--- START ---

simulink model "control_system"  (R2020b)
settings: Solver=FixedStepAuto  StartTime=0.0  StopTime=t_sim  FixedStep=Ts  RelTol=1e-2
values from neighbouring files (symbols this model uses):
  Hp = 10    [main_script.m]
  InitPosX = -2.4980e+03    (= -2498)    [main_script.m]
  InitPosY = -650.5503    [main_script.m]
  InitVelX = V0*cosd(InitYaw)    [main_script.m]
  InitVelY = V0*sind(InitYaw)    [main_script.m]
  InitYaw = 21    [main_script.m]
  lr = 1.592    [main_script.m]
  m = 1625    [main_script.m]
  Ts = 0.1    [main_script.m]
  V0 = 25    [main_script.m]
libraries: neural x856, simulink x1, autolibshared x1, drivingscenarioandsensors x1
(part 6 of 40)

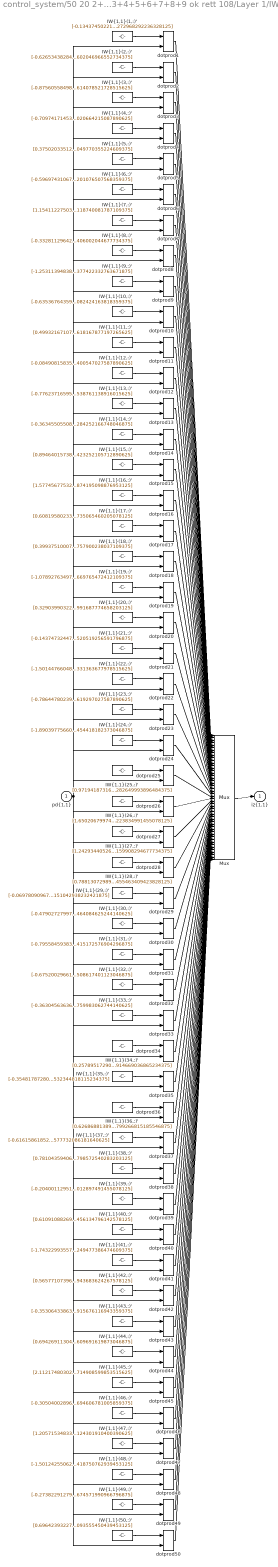
== system control_system/50 20 2+3+4+5+6+7+8+9 ok rett 108/Layer 1/IW{1,1} ==
  "pd{1,1}" : Inport  PortDimensions=9  SampleTime=0.1
      mask Display: e = 0.06;c1 = [120 230 180]/255;c2 = ([120 230 180]+0)/(256+128);c3 = ([120 230 180]+128)/(256+128);patch([0 1 1 0],[0 0 1 1],c1);patch([0 1 1 1-e 1-e 0+e],[0 0 1 1-e 0+e 0+e],c2);patch([0 0 1 1-e 0+e 0+e],[0 1 1 1-e 1-e 0+e],c3);plot([0 1 1 0 0],[0 0 1 1 0]);
  "IW{1,1}(1,:)'" : Constant  Value=[-0.1343745022107840358938091185336816124618053436279296875;-0.2201570215463205248962452742489404045045375823974609375;0.493314924472624927176411802065558731555938720703125;0.240218537769716855567736502052866853773593902587890625;0.0035729013340322856272235352292909738025628030300140380859375;1.2275952974377080106904713829862885177135467529296875;0.32609691089661685392542267436510883271694183349609375;-0.9495712296454932310751928525860421359539031982421875;-0.70107606410829692578090543975122272968292236328125]
      mask Display: e = 0.06;c1 = [120 150 230]/255;c2 = ([120 150 230]+0)/383;c3 = ([120 150 230]+128)/383;patch([0 1 1 0],[0 0 1 1],c1);patch([0 1 1 1-e 1-e 0+e],[0 0 1 1-e 0+e 0+e],c2);patch([0 0 1 1-e 0+e 0+e],[0 1 1 1-e 1-e 0+e],c3);plot([0 1 1 0 0],[0 0 1 1 0]);disp('Weights');
  "IW{1,1}(10,:)'" : Constant  Value=[-0.635367643598796494330827044905163347721099853515625;1.266134724639150999081493864650838077068328857421875;0.279110981570210359148376255689072422683238983154296875;0.6725165935042671794263924311962909996509552001953125;-0.279299335778829205256812429070123471319675445556640625;0.1298072467704776411512312961349380202591419219970703125;0.79908196252433827400096788551309145987033843994140625;1.35790638049596434910881725954823195934295654296875;0.0948926349490134268815921814166358672082424163818359375]
      mask Display: e = 0.06;c1 = [120 150 230]/255;c2 = ([120 150 230]+0)/383;c3 = ([120 150 230]+128)/383;patch([0 1 1 0],[0 0 1 1],c1);patch([0 1 1 1-e 1-e 0+e],[0 0 1 1-e 0+e 0+e],c2);patch([0 0 1 1-e 0+e 0+e],[0 1 1 1-e 1-e 0+e],c3);plot([0 1 1 0 0],[0 0 1 1 0]);disp('Weights');
  "IW{1,1}(11,:)'" : Constant  Value=[0.4993216710750658648976241238415241241455078125;0.5262356768534541817672334218514151871204376220703125;0.681666886525891246861874606111086905002593994140625;-0.87555884751066026527865915340953506529331207275390625;-0.60105755257610093966746944715850986540317535400390625;0.5843485194005146876605749639566056430339813232421875;0.96478303636410756016772438670159317553043365478515625;0.77348642815128221261744556613848544657230377197265625;-0.6497149588995887459219602533266879618167877197265625]
      mask Display: e = 0.06;c1 = [120 150 230]/255;c2 = ([120 150 230]+0)/383;c3 = ([120 150 230]+128)/383;patch([0 1 1 0],[0 0 1 1],c1);patch([0 1 1 1-e 1-e 0+e],[0 0 1 1-e 0+e 0+e],c2);patch([0 0 1 1-e 0+e 0+e],[0 1 1 1-e 1-e 0+e],c3);plot([0 1 1 0 0],[0 0 1 1 0]);disp('Weights');
  "IW{1,1}(12,:)'" : Constant  Value=[-0.084908158355977925157986874182824976742267608642578125;-0.7864413820746027905528308110660873353481292724609375;-1.011454847098846254738191419164650142192840576171875;-0.1117623118762176848139944240756449289619922637939453125;-0.207538480609310960200986073687090538442134857177734375;1.05662315566693099100348263164050877094268798828125;-1.27361323393598535602677657152526080608367919921875;-0.94238788342574653089656067095347680151462554931640625;-0.0740762271510614633829305830658995546400547027587890625]
      mask Display: e = 0.06;c1 = [120 150 230]/255;c2 = ([120 150 230]+0)/383;c3 = ([120 150 230]+128)/383;patch([0 1 1 0],[0 0 1 1],c1);patch([0 1 1 1-e 1-e 0+e],[0 0 1 1-e 0+e 0+e],c2);patch([0 0 1 1-e 0+e 0+e],[0 1 1 1-e 1-e 0+e],c3);plot([0 1 1 0 0],[0 0 1 1 0]);disp('Weights');
  "IW{1,1}(13,:)'" : Constant  Value=[-0.77623716595878800017516141451778821647167205810546875;0.01224940877890513639403291534790696459822356700897216796875;-1.1967390742769350442387121802312321960926055908203125;0.674325482748454163584028719924390316009521484375;-0.31108072366164207789296369810472242534160614013671875;-0.6359597085702881624769133850350044667720794677734375;-1.128846677766122130748271956690587103366851806640625;-0.006871567558858683588685067888945923186838626861572265625;-0.264283133847268258964646747699589468538761138916015625]
      mask Display: e = 0.06;c1 = [120 150 230]/255;c2 = ([120 150 230]+0)/383;c3 = ([120 150 230]+128)/383;patch([0 1 1 0],[0 0 1 1],c1);patch([0 1 1 1-e 1-e 0+e],[0 0 1 1-e 0+e 0+e],c2);patch([0 0 1 1-e 0+e 0+e],[0 1 1 1-e 1-e 0+e],c3);plot([0 1 1 0 0],[0 0 1 1 0]);disp('Weights');
  "IW{1,1}(14,:)'" : Constant  Value=[-0.363455055082136324617891887100995518267154693603515625;1.286478296564485201969318950432352721691131591796875;0.040608931980886768531302521978432196192443370819091796875;-0.304597316839120890730185919892392121255397796630859375;0.189441761685817888771765638011856935918331146240234375;-0.11649603633906462085700894704132224433124065399169921875;1.216577309348745306039063507341779768466949462890625;-2.649690499494823381354535740683786571025848388671875;-1.0884535716017775808239775869878940284252166748046875]
      mask Display: e = 0.06;c1 = [120 150 230]/255;c2 = ([120 150 230]+0)/383;c3 = ([120 150 230]+128)/383;patch([0 1 1 0],[0 0 1 1],c1);patch([0 1 1 1-e 1-e 0+e],[0 0 1 1-e 0+e 0+e],c2);patch([0 0 1 1-e 0+e 0+e],[0 1 1 1-e 1-e 0+e],c3);plot([0 1 1 0 0],[0 0 1 1 0]);disp('Weights');
  "IW{1,1}(15,:)'" : Constant  Value=[0.89464015738325664006680426609818823635578155517578125;0.81871186647511307032942795558483339846134185791015625;0.034969645491070143472622788749504252336919307708740234375;0.813319109544075491413650524918921291828155517578125;0.304501924088689202019253343678428791463375091552734375;1.276721925975607074832396392594091594219207763671875;0.376418920830022762924471635415102355182170867919921875;0.20670604322129293439758157546748407185077667236328125;1.1612427578136479411341497325338423252105712890625]
      mask Display: e = 0.06;c1 = [120 150 230]/255;c2 = ([120 150 230]+0)/383;c3 = ([120 150 230]+128)/383;patch([0 1 1 0],[0 0 1 1],c1);patch([0 1 1 1-e 1-e 0+e],[0 0 1 1-e 0+e 0+e],c2);patch([0 0 1 1-e 0+e 0+e],[0 1 1 1-e 1-e 0+e],c3);plot([0 1 1 0 0],[0 0 1 1 0]);disp('Weights');
  "IW{1,1}(16,:)'" : Constant  Value=[1.57745677532034367374080829904414713382720947265625;-1.1514762186593205939288964145816862583160400390625;0.9935027681728108017722433942253701388835906982421875;0.8910553917919352695520274210139177739620208740234375;0.474810013596444091543702370472601614892482757568359375;0.8601933682805522618508575760642997920513153076171875;0.332891623686451365582428252309910021722316741943359375;1.2544283751669607074319401363027282059192657470703125;-0.300158428375610075722335068348911590874195098876953125]
      mask Display: e = 0.06;c1 = [120 150 230]/255;c2 = ([120 150 230]+0)/383;c3 = ([120 150 230]+128)/383;patch([0 1 1 0],[0 0 1 1],c1);patch([0 1 1 1-e 1-e 0+e],[0 0 1 1-e 0+e 0+e],c2);patch([0 0 1 1-e 0+e 0+e],[0 1 1 1-e 1-e 0+e],c3);plot([0 1 1 0 0],[0 0 1 1 0]);disp('Weights');
  "IW{1,1}(17,:)'" : Constant  Value=[0.608195802333024726493704292806796729564666748046875;0.47127526029324162681888310544309206306934356689453125;0.36214244417380092588842899203882552683353424072265625;0.3294693882679109453448518252116627991199493408203125;-0.66612419048444915237183749923133291304111480712890625;0.5817769197731477159862834014347754418849945068359375;1.5236633537899508805679715806036256253719329833984375;-0.91766798575549302086074021644890308380126953125;0.88163371330469708642141313248430378735065460205078125]
      mask Display: e = 0.06;c1 = [120 150 230]/255;c2 = ([120 150 230]+0)/383;c3 = ([120 150 230]+128)/383;patch([0 1 1 0],[0 0 1 1],c1);patch([0 1 1 1-e 1-e 0+e],[0 0 1 1-e 0+e 0+e],c2);patch([0 0 1 1-e 0+e 0+e],[0 1 1 1-e 1-e 0+e],c3);plot([0 1 1 0 0],[0 0 1 1 0]);disp('Weights');
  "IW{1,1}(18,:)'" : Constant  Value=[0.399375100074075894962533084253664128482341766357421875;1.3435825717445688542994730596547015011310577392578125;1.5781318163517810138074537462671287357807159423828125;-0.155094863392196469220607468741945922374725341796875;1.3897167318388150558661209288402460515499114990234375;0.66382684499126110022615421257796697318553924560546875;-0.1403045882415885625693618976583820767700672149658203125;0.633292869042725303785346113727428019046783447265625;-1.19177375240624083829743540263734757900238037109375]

--- END ---

> [THE TASK]:
Among the entries above, count every line containing the string "model". Your reply must be that number alone.

> [REPLY TO THE EXERCISE]:
2